The one in the background with my daughter is a Port Mac .


----------



## Ninabuddha (Jan 4, 2014)

Joemal your girl is beautiful how long is she and how much does she weigh? have you had her since she was a hatchie? her patterning is beautiful, i adore scrubs although i don't have one i want one though.


----------



## smithson (Jan 4, 2014)

Nice scrubby how big is she joemal ?


----------



## Ninabuddha (Jan 4, 2014)

View attachment 303366
my little girl she is 7 years old and weighs 5.3 kg


----------



## Joemal (Jan 4, 2014)

Scrubby is just on 15 ft and last weigh she was 17.6 kg .Had her since a yearling so I have had her for just over 3 yrs .


----------



## jakethomas (Jan 4, 2014)

My 2yr Old Pure Aussie GTP female.


----------



## PappaSmurf (Jan 4, 2014)

My Shiela,,,4 yr old female Bredli.






I'll be looking for a young male shortly, yearling or younger maybe a hypo.


----------



## Rlpreston (Jan 4, 2014)

Joemal said:


> View attachment 303365
> 
> 
> My scrubby girl with one of the brave mates . She is just over 4yr old now .



She's a beauty! 


Sent from my iPad using Tapatalk HD


----------



## Red-Ink (Jan 4, 2014)

Bearded dragon...


----------



## Shotta (Jan 4, 2014)

<my eastern hooded scalyfoot, my central bearded dragons>


----------



## tahnia666 (Jan 4, 2014)

My 3 year old cranky coastal carpet, Loki. 
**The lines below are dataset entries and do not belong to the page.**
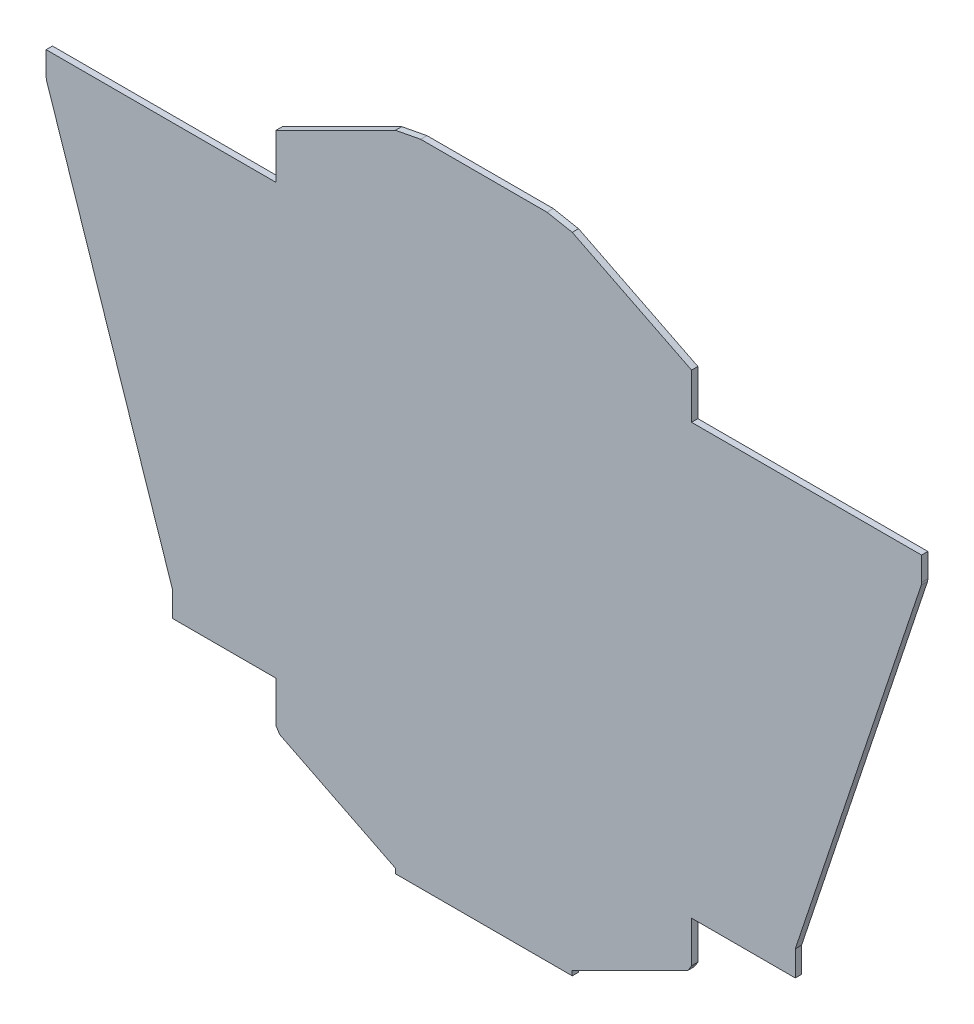
from build123d import *

# Parameters (mm, degrees)
BOSS_EXTRUDE1_DEPTH = 12.7


with BuildPart() as part:
    # Sketch1 → Boss-Extrude1 (new body)
    with BuildSketch(Plane.XY):
        Polygon((-207.569853327, -422.408510368), (-37.10675463, -422.408510368), (-37.10675463, -505.433281316), (-30.086367293, -516.792506642), (202.852470696, -633.261925636), (202.852470696, -642.963862322), (380.652470696, -642.963862322), (380.652470696, 661.746841587), (253.652470696, 661.746841587), (202.852470696, 652.044904901), (-37.10675463, 532.065292238), (-37.10675463, 441.191489632), (-461.569853327, 441.191489632), (-499.669853327, 441.191489632), (-499.669853327, 393.865899836), (-499.018131212, 388.436323288), (-245.669853327, -371.608510368), (-245.669853327, -422.408510368), align=None)
    extrude(amount=BOSS_EXTRUDE1_DEPTH)

    # Mirror1: part across plane


with BuildPart() as part_1:
    add(part.part)
    add(part.part.mirror(Plane(origin=(380.652470696, 661.746841587, 12.7), x_dir=(0, 0, 1), z_dir=(-1, 0, 0))))


solid = part_1.part
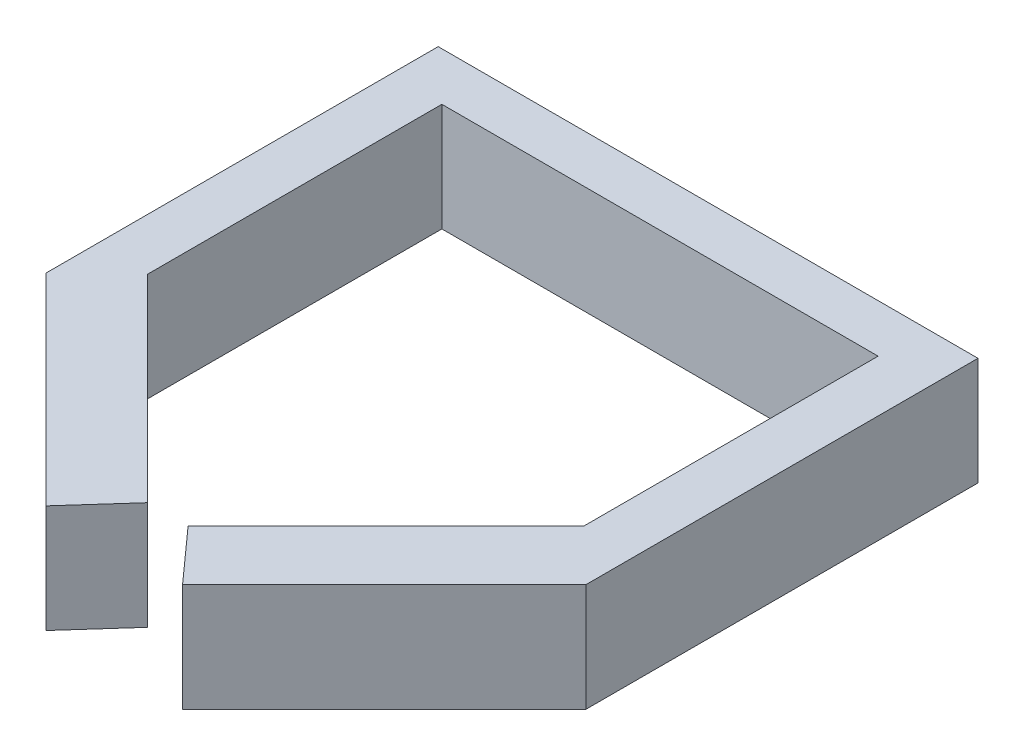
from build123d import *

# Parameters (mm, degrees)
BOSS_EXTRUDE1_DEPTH = 10


with BuildPart() as part:
    # Sketch1 → Boss-Extrude1 (new body)
    with BuildSketch(Plane(origin=(0, 0, 0), x_dir=(1, 0, 0), z_dir=(0, 1, 0))):
        Polygon((0, 18.676012461), (18.676012461, 0), (23.130841121, 4.968847352), (4.797507788, 23.302180685), (4.797507788, 50.54517134), (45.202492212, 50.54517134), (45.202492212, 23.302180685), (26.869158879, 4.968847352), (31.323987539, 0), (50, 18.676012461), (50, 55), (0, 55), align=None)
    extrude(amount=BOSS_EXTRUDE1_DEPTH)


solid = part.part
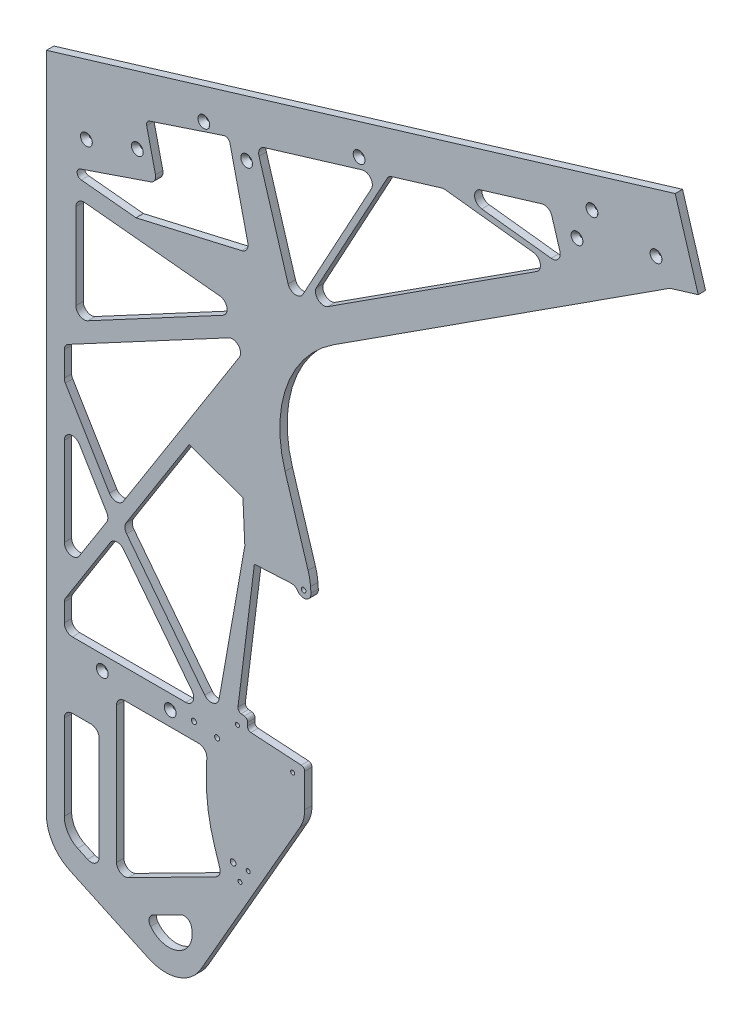
from build123d import *

# Parameters (mm, degrees)
SKETCH1_R                   = 2
BOSS_EXTRUDE1_DEPTH         = 6.35
F_8_CLEARANCE_HOLE1_D       = 4.9149
F_29_0_136_DIAMETER_HOLE1_D = 3.4544
FILLET2_R                   = 6.35
HOLE1_D                     = 3.175
HOLE1_DEPTH                 = 31.75
HOLE1_CSINK_D               = 10.16
HOLE1_CSINK_ANGLE           = 82
HOLE1_TIP                   = 0.953866233
F_6_CLEARANCE_HOLE1_D       = 4.3053
F_6_CLEARANCE_HOLE1_DEPTH   = 6.35


with BuildPart() as part:
    # Sketch1 → Boss-Extrude1 (new body)
    with BuildSketch(Plane.XY):
        with BuildLine():
            Line((81.019658058, -168.897328822), (37.70615408, -166.236789132))
            ThreePointArc((37.70615408, -166.236789132), (35.522327499, -165.170958529), (34.731784962, -162.873103898))
            Line((34.731784962, -162.873103898), (34.902859203, -160.088020532))
            ThreePointArc((34.902859203, -160.088020532), (34.176628401, -157.865217786), (32.125295873, -156.742587798))
            Line((32.125295873, -156.742587798), (29.337293116, -156.396196072))
            ThreePointArc((29.337293116, -156.396196072), (27.224016083, -155.196548795), (26.577982286, -152.85395755))
            Line((26.577982286, -152.85395755), (40.701467954, -39.178272088))
            Line((40.701467954, -39.178272088), (72.307487293, -37.567416175))
            ThreePointArc((72.307487293, -37.567416175), (75.508274508, -38.248610367), (77.944821909, -40.433170067))
            ThreePointArc((77.944821909, -40.433170067), (80.37819882, -42.616116921), (83.575051255, -43.299282101))
            ThreePointArc((83.575051255, -43.299282101), (87.915366779, -41.106021585), (89.431266941, -36.48533146))
            Line((89.431266941, -36.48533146), (89.070856204, -31.748680417))
            ThreePointArc((89.070856204, -31.748680417), (88.331558939, -26.184805765), (86.9733286, -20.738846534))
            Line((86.9733286, -20.738846534), (67.150201914, 43.21421098))
            ThreePointArc((67.150201914, 43.21421098), (68.704153469, 107.993673093), (109.099933911, 158.658990615))
            Line((109.099933911, 158.658990615), (398.624090476, 345.521584423))
            Line((398.624090476, 345.521584423), (422.935039487, 352.879420939))
            Line((422.935039487, 352.879420939), (403.099057101, 418.419278389))
            Line((403.099057101, 418.419278389), (-138.378918258, 254.538122714))
            Line((-138.378918258, 254.538122714), (-138.378918258, -315.453385964))
            ThreePointArc((-138.378918258, -315.453385964), (-132.909364503, -334.218574785), (-118.213861049, -347.106185426))
            Line((-118.213861049, -347.106185426), (-50.505892811, -378.678929533))
            ThreePointArc((-50.505892811, -378.678929533), (-25.212372145, -380.324769115), (-5.467108781, -364.431514245))
            Line((-5.467108781, -364.431514245), (80.009026118, -215.73509408))
            ThreePointArc((80.009026118, -215.73509408), (82.985089128, -208.52137789), (84, -200.784155634))
            Line((84, -200.784155634), (84, -172.066355998))
            ThreePointArc((84, -172.066355998), (83.137862332, -169.891202478), (81.019658058, -168.897328822))
        make_face()
        with Locations((83.097986954, -37.255014564)):
            Circle(SKETCH1_R, mode=Mode.SUBTRACT)
        with BuildLine():
            Line((-17.052845203, -329.494257158), (-52.060968117, -347.265819105))
            ThreePointArc((-52.060968117, -347.265819105), (-23.771187013, -359.626780553), (-17.052845203, -329.494257158))
        make_face(mode=Mode.SUBTRACT)
        with BuildLine():
            Line((-123, -235.789377226), (-123, -309.069613992))
            ThreePointArc((-123, -309.069613992), (-119.867828916, -319.815606158), (-111.452365235, -327.195769732))
            Line((-111.452365235, -327.195769732), (-102.958327832, -331.156604422))
            ThreePointArc((-102.958327832, -331.156604422), (-96.238902742, -330.716190033), (-93, -324.812449913))
            Line((-93, -324.812449913), (-93, -235.789377226))
            ThreePointArc((-93, -235.789377226), (-95.050252532, -230.839629758), (-100, -228.789377226))
            Line((-100, -228.789377226), (-116, -228.789377226))
            ThreePointArc((-116, -228.789377226), (-120.949747468, -230.839629758), (-123, -235.789377226))
        make_face(mode=Mode.SUBTRACT)
        with BuildLine():
            Line((-61.199770062, 168.179421619), (29.826630294, 189.194522014))
            ThreePointArc((29.826630294, 189.194522014), (34.188309587, 192.305677618), (35.072563367, 197.589769848))
            Line((35.072563367, 197.589769848), (19.638832994, 264.440600612))
            ThreePointArc((19.638832994, 264.440600612), (17.700947347, 267.027913965), (14.483251541, 267.337792758))
            Line((14.483251541, 267.337792758), (-49.392848873, 246.173011312))
            ThreePointArc((-49.392848873, 246.173011312), (-51.62186525, 244.335609561), (-52.032227939, 241.476210731))
            Line((-52.032227939, 241.476210731), (-43.179065741, 203.128952263))
            Line((-43.179065741, 203.128952263), (-109.246803026, 180.591656302))
            ThreePointArc((-109.246803026, 180.591656302), (-111.928836089, 176.345829111), (-108.347619238, 172.825142281))
            Line((-108.347619238, 172.825142281), (-61.199770062, 168.179421619))
        make_face(mode=Mode.SUBTRACT)
        with BuildLine():
            Line((-102.695777716, 70.621262325), (13.547329865, 132.862172762))
            ThreePointArc((13.547329865, 132.862172762), (17.10814199, 140.401199203), (10.929529426, 145.999506934))
            Line((10.929529426, 145.999506934), (-105.313578156, 157.453539643))
            ThreePointArc((-105.313578156, 157.453539643), (-110.700800309, 155.67403602), (-113, 150.487276294))
            Line((-113, 150.487276294), (-113, 76.792333148))
            ThreePointArc((-113, 76.792333148), (-109.596556966, 70.786937408), (-102.695777716, 70.621262325))
        make_face(mode=Mode.SUBTRACT)
        with BuildLine():
            Line((-123, -28.654884494), (-123, -104.746758641))
            ThreePointArc((-123, -104.746758641), (-117.95351244, -111.468647449), (-110.090345958, -108.498556757))
            Line((-110.090345958, -108.498556757), (-86.579188082, -71.464898525))
            ThreePointArc((-86.579188082, -71.464898525), (-85.489337935, -67.796413702), (-86.491561629, -64.103027464))
            Line((-86.491561629, -64.103027464), (-110.002719505, -25.044811549))
            ThreePointArc((-110.002719505, -25.044811549), (-117.87337083, -21.91022129), (-123, -28.654884494))
        make_face(mode=Mode.SUBTRACT)
        with BuildLine():
            Line((-78, -203.789377226), (-78, -320.992945508))
            ThreePointArc((-78, -320.992945508), (-74.661956673, -326.958687149), (-67.831407622, -327.234741912))
            Line((-67.831407622, -327.234741912), (7.408132297, -289.040059271))
            ThreePointArc((7.408132297, -289.040059271), (10.698904711, -285.495781445), (10.90617564, -280.663791466))
            Line((10.90617564, -280.663791466), (6.494444344, -266.884545968))
            ThreePointArc((6.494444344, -266.884545968), (0.856780444, -242.347035927), (-0.59748893, -217.212244226))
            Line((-0.59748893, -217.212244226), (-0.250179597, -203.972946573))
            ThreePointArc((-0.250179597, -203.972946573), (-2.23354318, -198.904962493), (-7.247772204, -196.789377226))
            Line((-7.247772204, -196.789377226), (-71, -196.789377226))
            ThreePointArc((-71, -196.789377226), (-75.949747468, -198.839629758), (-78, -203.789377226))
        make_face(mode=Mode.SUBTRACT)
        with BuildLine():
            Line((-15.470800679, 21.883932686), (-69.688252467, -63.516820026))
            ThreePointArc((-69.688252467, -63.516820026), (-70.770838401, -67.598133112), (-69.309232347, -71.559549091))
            Line((-69.309232347, -71.559549091), (-2.107117722, -158.177185032))
            ThreePointArc((-2.107117722, -158.177185032), (5.104316904, -160.681466294), (10.316757622, -155.104130392))
            Line((10.316757622, -155.104130392), (32.484613968, -29.632943931))
            Line((32.484613968, -29.632943931), (30.845296938, 5.564557689))
            Line((30.845296938, 5.564557689), (-15.470800679, 21.883932686))
        make_face(mode=Mode.SUBTRACT)
        with BuildLine():
            Line((-83.358453873, -85.049471439), (-123, -147.490950451))
            Line((-123, -147.490950451), (-123, -164.789377226))
            ThreePointArc((-123, -164.789377226), (-120.949747468, -169.739124694), (-116, -171.789377226))
            Line((-116, -171.789377226), (-18.493582843, -171.789377226))
            ThreePointArc((-18.493582843, -171.789377226), (-12.207227911, -167.868620912), (-12.96294892, -160.498446277))
            Line((-12.96294892, -160.498446277), (-71.918165908, -84.510338605))
            ThreePointArc((-71.918165908, -84.510338605), (-77.778314802, -81.809029579), (-83.358453873, -85.049471439))
        make_face(mode=Mode.SUBTRACT)
        with BuildLine():
            Line((18.511705321, 118.505409967), (-123, 42.734746572))
            Line((-123, 42.734746572), (-123, 15.937279137))
            Line((-123, 15.937279137), (-84.107110781, -48.674037444))
            ThreePointArc((-84.107110781, -48.674037444), (-78.19314358, -52.063468688), (-72.200176244, -48.815762615))
            Line((-72.200176244, -48.815762615), (27.725581647, 108.582541028))
            ThreePointArc((27.725581647, 108.582541028), (26.945537791, 117.097436807), (18.511705321, 118.505409967))
        make_face(mode=Mode.SUBTRACT)
        with BuildLine():
            Line((236.55061974, 323.649776269), (296.321562944, 316.742770836))
            ThreePointArc((296.321562944, 316.742770836), (302.497167394, 319.208610524), (303.824943291, 325.724396498))
            Line((303.824943291, 325.724396498), (296.893445901, 348.624831151))
            ThreePointArc((296.893445901, 348.624831151), (293.497171214, 352.7683627), (288.165723096, 353.296753095))
            Line((288.165723096, 353.296753095), (235.326277282, 337.303323874))
            ThreePointArc((235.326277282, 337.303323874), (230.38215292, 329.978305308), (236.55061974, 323.649776269))
        make_face(mode=Mode.SUBTRACT)
        with BuildLine():
            Line((104.123887079, 184.645888182), (283.866191841, 300.659579208))
            ThreePointArc((283.866191841, 300.659579208), (286.887290545, 308.13032685), (280.873685483, 313.494621944))
            Line((280.873685483, 313.494621944), (203.475200181, 322.438629347))
            Line((203.475200181, 322.438629347), (156.4343015, 308.200302809))
            Line((156.4343015, 308.200302809), (94.180176407, 193.874808481))
            ThreePointArc((94.180176407, 193.874808481), (95.565919036, 185.396487117), (104.123887079, 184.645888182))
        make_face(mode=Mode.SUBTRACT)
        with BuildLine():
            Line((44.70581348, 267.068727432), (69.739941264, 184.360421397))
            ThreePointArc((69.739941264, 184.360421397), (75.724481753, 179.424962594), (82.587409979, 183.040719033))
            Line((82.587409979, 183.040719033), (141.453242141, 291.143842337))
            ThreePointArc((141.453242141, 291.143842337), (140.735215006, 298.909502995), (133.27769537, 301.191267506))
            Line((133.27769537, 301.191267506), (49.377735423, 275.796450237))
            ThreePointArc((49.377735423, 275.796450237), (45.234203874, 272.40017555), (44.70581348, 267.068727432))
        make_face(mode=Mode.SUBTRACT)
    extrude(amount=BOSS_EXTRUDE1_DEPTH)

    # #8 Clearance Hole1 (through all)
    with Locations(Plane.XY.offset(6.35)):
        with Locations((22.417305887, -270.769233836)):
            Hole(F_8_CLEARANCE_HOLE1_D / 2)

    # #29 (0.136) Diameter Hole1 (through all)
    with Locations(Plane.XY.offset(6.35)):
        with Locations((28.303582289, -282.335622674), (35.395348907, -270.769233836), (26.084910743, -166.378822149), (73.686163127, -178.091324216)):
            Hole(F_29_0_136_DIAMETER_HOLE1_D / 2)

    # Fillet2
    fillet2_edges = [part.edges().sort_by_distance(p)[0] for p in [
        (-43.179065741, 203.128952263, 3.175),
        (-123, -147.490950451, 3.175),
        (-123, 42.734746572, 3.175),
        (-123, 15.937279137, 3.175),
        (203.475200181, 322.438629347, 3.175),
        (156.4343015, 308.200302809, 3.175),
        (-52.060968117, -347.265819105, 3.175),
        (-17.052845203, -329.494257158, 3.175),
    ]]
    fillet(fillet2_edges, radius=FILLET2_R)

    # Hole1
    with Locations(Plane(origin=(-277.286738577, -215.287141225, 6.35), x_dir=(-0.089959629, -0.995945413, 0), z_dir=(0, 0, 1))):
        with Locations((-507.038658285, 229.776136946), (-559.371199386, 359.303721429), (-637.870011036, 553.595098153), (-636.071223534, 609.111420407), (-609.449424187, 543.22015483), (-499.723341091, 267.496267453), (-453.103621196, 177.188747915), (-434.459074831, 134.806234549), (-52.960474705, 241.752641108), (-47.697836423, 183.489834462)):
            CounterSinkHole(HOLE1_D / 2, HOLE1_CSINK_D / 2, depth=HOLE1_DEPTH, counter_sink_angle=HOLE1_CSINK_ANGLE)
            with Locations((0, 0, -(HOLE1_DEPTH + HOLE1_TIP / 2))):  # 118° drill point
                Cone(0, HOLE1_D / 2, HOLE1_TIP, mode=Mode.SUBTRACT)

    # #6 Clearance Hole1
    with Locations(Plane.XY.offset(6.35)):
        with Locations((8.603760686, -184.73043846), (-11.359669796, -182.481960161)):
            Hole(F_6_CLEARANCE_HOLE1_D / 2, depth=F_6_CLEARANCE_HOLE1_DEPTH)


solid = part.part

Sent from my HTC Velocity 4G using Tapatalk


----------



## Joemal (Jan 4, 2014)

Another of my babies .She is about 13 + yr old now .Somewhere around 3 + mtrs or so and weighs 13kgs .


----------



## dragondragon (Jan 4, 2014)

jakethomas said:


> My 2yr Old Pure Aussie GTP female.


Nice native


----------



## PappaSmurf (Jan 4, 2014)

OOPS, almost forgot the missus's yearling Stimmie.
He is an absolute darling & she loves him to death.


----------



## MathersD (Jan 5, 2014)

some real stunners


----------



## PeteTaylor (Jan 7, 2014)

*My Prossy Coastal, Nipper.*


----------



## PappaSmurf (Jan 8, 2014)

PeteTaylor said:


> View attachment 303546




Hey Pete, you know you're going to have to change his name when he gets bigger eh.


----------



## meatman (Jan 8, 2014)

I really like this 4yr jungle


----------



## PeteTaylor (Jan 8, 2014)

PappaSmurf said:


> Hey Pete, you know you're going to have to change his name when he gets bigger eh.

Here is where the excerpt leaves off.